The flowchart and block diagrams in the Figures illustrate the architecture, functionality, and operation of possible implementations of systems, methods, and computer program products according to various embodiments of the present invention. In this regard, each block in the flowchart or block diagrams may represent a module, a segment, or a portion of instructions, which comprises one or more executable instructions for implementing the specified logical function(s). In some alternative implementations, the functions noted in the blocks may occur out of the order noted in the Figures. For example, two blocks shown in succession may, in fact, be executed substantially concurrently, or the blocks may sometimes be executed in the reverse order, depending upon the functionality involved.
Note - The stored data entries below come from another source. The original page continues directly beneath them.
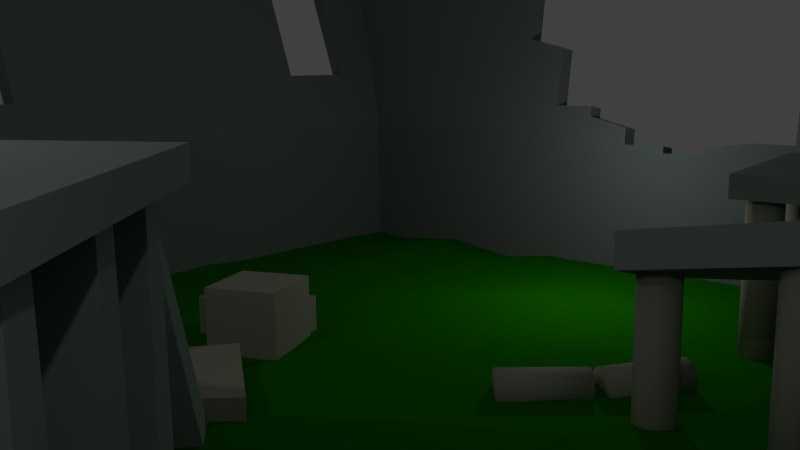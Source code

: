 # Source: ruins.blend  (saved by Blender 2.78.0; exported with 4.5.12 LTS)
import bpy
from mathutils import Matrix  # noqa: F401  (used for matrix-valued properties, if any)

bpy.ops.wm.read_factory_settings(use_empty=True)
scene = bpy.context.scene
scene.name = 'Scene'

# ---- collections
col_collection_1 = bpy.data.collections.new('Collection 1'); scene.collection.children.link(col_collection_1)

# ---- materials (node trees are filled in below, after node groups)
mat_material = bpy.data.materials.new('Material')
mat_material.alpha_threshold = 0.0
mat_material.use_transparent_shadow = False
mat_material.diffuse_color = (0.269, 0.3303, 0.3023, 1.0)
mat_material.roughness = 0.5
mat_material.line_color = (0.0, 0.0, 0.0, 1.0)
mat_material_001 = bpy.data.materials.new('Material.001')
mat_material_001.alpha_threshold = 0.0
mat_material_001.use_transparent_shadow = False
mat_material_001.diffuse_color = (0.3617, 0.3672, 0.2778, 1.0)
mat_material_001.roughness = 0.5
mat_material_001.line_color = (0.0, 0.0, 0.0, 1.0)
mat_material_003 = bpy.data.materials.new('Material.003')
mat_material_003.alpha_threshold = 0.0
mat_material_003.use_transparent_shadow = False
mat_material_003.diffuse_color = (0.1652, 0.2019, 0.1851, 1.0)
mat_material_003.roughness = 0.5
mat_material_003.specular_intensity = 0.1452
mat_material_003.line_color = (0.0, 0.0, 0.0, 1.0)
mat_material_002 = bpy.data.materials.new('Material.002')
mat_material_002.alpha_threshold = 0.0
mat_material_002.use_transparent_shadow = False
mat_material_002.diffuse_color = (0.01129, 0.1845, 0.0, 1.0)
mat_material_002.roughness = 0.5
mat_material_002.specular_intensity = 0.01149
mat_material_002.line_color = (0.0, 0.0, 0.0, 1.0)

# ---- material node trees

# ---- world
world_world = bpy.data.worlds.new('World'); scene.world = world_world
world_world.color = (0.05088, 0.05088, 0.05088)
world_world.use_sun_shadow = False
world_world.sun_shadow_jitter_overblur = 0.0
world_world.cycles.sampling_method = 'NONE'
world_world.cycles.sample_map_resolution = 256

# ---- cameras
cam_camera = bpy.data.cameras.new('Camera')
cam_camera.clip_end = 100.0
cam_camera.lens = 35.0
cam_camera.sensor_width = 32.0
cam_camera.sensor_height = 18.0
cam_camera.ortho_scale = 7.314
cam_camera.dof.focus_distance = 0.0
cam_camera.dof.aperture_fstop = 128.0

# ---- lights
light_lamp_002 = bpy.data.lights.new('Lamp.002', 'POINT')
light_lamp_002.transmission_factor = 0.0
light_lamp_002.cutoff_distance = 30.0
light_lamp_002.energy = 100.0
light_lamp_002.shadow_buffer_clip_start = 1.001
light_lamp_002.shadow_soft_size = 0.1
light_lamp_002.shadow_maximum_resolution = 0.006
light_lamp_002.use_absolute_resolution = True
light_lamp_002.cycles.use_multiple_importance_sampling = False
light_lamp_001 = bpy.data.lights.new('Lamp.001', 'POINT')
light_lamp_001.transmission_factor = 0.0
light_lamp_001.cutoff_distance = 30.0
light_lamp_001.energy = 100.0
light_lamp_001.shadow_buffer_clip_start = 1.001
light_lamp_001.shadow_soft_size = 0.1
light_lamp_001.shadow_maximum_resolution = 0.006
light_lamp_001.use_absolute_resolution = True
light_lamp_001.cycles.use_multiple_importance_sampling = False
light_lamp = bpy.data.lights.new('Lamp', 'POINT')
light_lamp.transmission_factor = 0.0
light_lamp.cutoff_distance = 30.0
light_lamp.energy = 100.0
light_lamp.shadow_buffer_clip_start = 1.001
light_lamp.shadow_soft_size = 0.1
light_lamp.shadow_maximum_resolution = 0.006
light_lamp.use_absolute_resolution = True
light_lamp.cycles.use_multiple_importance_sampling = False

# ---- meshes
me_cube_012 = bpy.data.meshes.new('Cube.012')
me_cube_012.from_pydata([(-6.126, -4.263, 1.731), (-6.127, -1.074, 2.587), (-3.425, -0.8094, 2.178), (-3.425, -1.831, 1.904), (-6.057, -4.367, 2.117), (-6.041, -1.204, 3.074), (-3.339, -0.94, 2.664), (-3.356, -1.935, 2.289)], [], [(4, 5, 1, 0), (5, 6, 2, 1), (6, 7, 3, 2), (7, 4, 0, 3), (0, 1, 2, 3), (7, 6, 5, 4)])
me_cube_012.materials.append(mat_material)
me_cube_012.use_remesh_preserve_volume = False
me_cube_012.use_remesh_preserve_attributes = False
me_cube_012.use_mirror_vertex_groups = False
me_cube_012.update()
me_cube_011 = bpy.data.meshes.new('Cube.011')
me_cube_011.from_pydata([(-6.071, -7.692, 2.607), (-6.071, -4.889, 2.607), (-3.329, -4.764, 2.607), (-3.329, -7.692, 2.607), (-6.071, -7.692, 3.118), (-6.071, -4.889, 3.005), (-3.329, -4.764, 3.005), (-3.329, -7.692, 3.118)], [], [(4, 5, 1, 0), (5, 6, 2, 1), (6, 7, 3, 2), (7, 4, 0, 3), (0, 1, 2, 3), (7, 6, 5, 4)])
me_cube_011.materials.append(mat_material)
me_cube_011.use_remesh_preserve_volume = False
me_cube_011.use_remesh_preserve_attributes = False
me_cube_011.use_mirror_vertex_groups = False
me_cube_011.update()
me_cylinder_008 = bpy.data.meshes.new('Cylinder.008')
me_cylinder_008.from_pydata([(-2.783, -1.614, 0.1299), (-1.724, -0.7019, 0.1299), (-2.78, -1.618, 0.0714), (-1.721, -0.7063, 0.0714), (-2.768, -1.631, 0.01512), (-1.709, -0.7192, 0.01512), (-2.75, -1.652, -0.03675), (-1.691, -0.7402, -0.03675), (-2.726, -1.681, -0.08221), (-1.667, -0.7685, -0.08221), (-2.696, -1.715, -0.1195), (-1.637, -0.803, -0.1195), (-2.662, -1.754, -0.1472), (-1.604, -0.8422, -0.1472), (-2.626, -1.797, -0.1643), (-1.567, -0.8849, -0.1643), (-2.588, -1.841, -0.1701), (-1.529, -0.9292, -0.1701), (-2.549, -1.886, -0.1643), (-1.49, -0.9736, -0.1643), (-2.513, -1.928, -0.1472), (-1.454, -1.016, -0.1472), (-2.479, -1.968, -0.1195), (-1.42, -1.056, -0.1195), (-2.449, -2.002, -0.08221), (-1.39, -1.09, -0.08221), (-2.425, -2.03, -0.03675), (-1.366, -1.118, -0.03675), (-2.407, -2.051, 0.01512), (-1.348, -1.139, 0.01512), (-2.395, -2.064, 0.0714), (-1.337, -1.152, 0.0714), (-2.392, -2.069, 0.1299), (-1.333, -1.157, 0.1299), (-2.395, -2.064, 0.1885), (-1.337, -1.152, 0.1885), (-2.407, -2.051, 0.2447), (-1.348, -1.139, 0.2447), (-2.425, -2.03, 0.2966), (-1.366, -1.118, 0.2966), (-2.449, -2.002, 0.3421), (-1.39, -1.09, 0.3421), (-2.479, -1.968, 0.3794), (-1.42, -1.056, 0.3794), (-2.513, -1.928, 0.4071), (-1.454, -1.016, 0.4071), (-2.549, -1.886, 0.4242), (-1.49, -0.9736, 0.4242), (-2.588, -1.841, 0.4299), (-1.529, -0.9292, 0.4299), (-2.626, -1.797, 0.4242), (-1.567, -0.8849, 0.4242), (-2.662, -1.754, 0.4071), (-1.604, -0.8422, 0.4071), (-2.696, -1.715, 0.3794), (-1.637, -0.803, 0.3794), (-2.726, -1.681, 0.3421), (-1.667, -0.7685, 0.3421), (-2.75, -1.652, 0.2966), (-1.691, -0.7402, 0.2966), (-2.768, -1.631, 0.2447), (-1.709, -0.7192, 0.2447), (-2.78, -1.618, 0.1885), (-1.721, -0.7063, 0.1885)], [], [(0, 1, 3, 2), (2, 3, 5, 4), (4, 5, 7, 6), (6, 7, 9, 8), (8, 9, 11, 10), (10, 11, 13, 12), (12, 13, 15, 14), (14, 15, 17, 16), (16, 17, 19, 18), (18, 19, 21, 20), (20, 21, 23, 22), (22, 23, 25, 24), (24, 25, 27, 26), (26, 27, 29, 28), (28, 29, 31, 30), (30, 31, 33, 32), (32, 33, 35, 34), (34, 35, 37, 36), (36, 37, 39, 38), (38, 39, 41, 40), (40, 41, 43, 42), (42, 43, 45, 44), (44, 45, 47, 46), (46, 47, 49, 48), (48, 49, 51, 50), (50, 51, 53, 52), (52, 53, 55, 54), (54, 55, 57, 56), (56, 57, 59, 58), (58, 59, 61, 60), (3, 1, 63, 61, 59, 57, 55, 53, 51, 49, 47, 45, 43, 41, 39, 37, 35, 33, 31, 29, 27, 25, 23, 21, 19, 17, 15, 13, 11, 9, 7, 5), (62, 63, 1, 0), (60, 61, 63, 62), (0, 2, 4, 6, 8, 10, 12, 14, 16, 18, 20, 22, 24, 26, 28, 30, 32, 34, 36, 38, 40, 42, 44, 46, 48, 50, 52, 54, 56, 58, 60, 62)])
me_cylinder_008.polygons.foreach_set('use_smooth', [True] * 34)
me_cylinder_008.materials.append(mat_material_001)
me_cylinder_008.use_remesh_preserve_volume = False
me_cylinder_008.use_remesh_preserve_attributes = False
me_cylinder_008.use_mirror_vertex_groups = False
me_cylinder_008.update()
me_cylinder_007 = bpy.data.meshes.new('Cylinder.007')
me_cylinder_007.from_pydata([(-3.748, -6.747, -0.5971), (-3.748, -6.747, 2.907), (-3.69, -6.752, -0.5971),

It will also be noted that each block of the block diagrams and/or flowchart illustration, and combinations of blocks in the block diagrams and/or flowchart illustration, can be implemented by special purpose hardware-based systems that perform the specified functions or acts or carry out combinations of special purpose hardware and computer instructions.
The descriptions of the various embodiments of the present invention have been presented for purposes of illustration, but are not intended to be exhaustive or limited to the embodiments disclosed. Many modifications and variations will be apparent to those of ordinary skill in the art without departing from the scope and spirit of the invention. The terminology used herein was chosen to best explain the principles of the embodiment, the practical application or technical improvement over technologies found in the marketplace, or to enable others of ordinary skill in the art to understand the embodiments disclosed herein.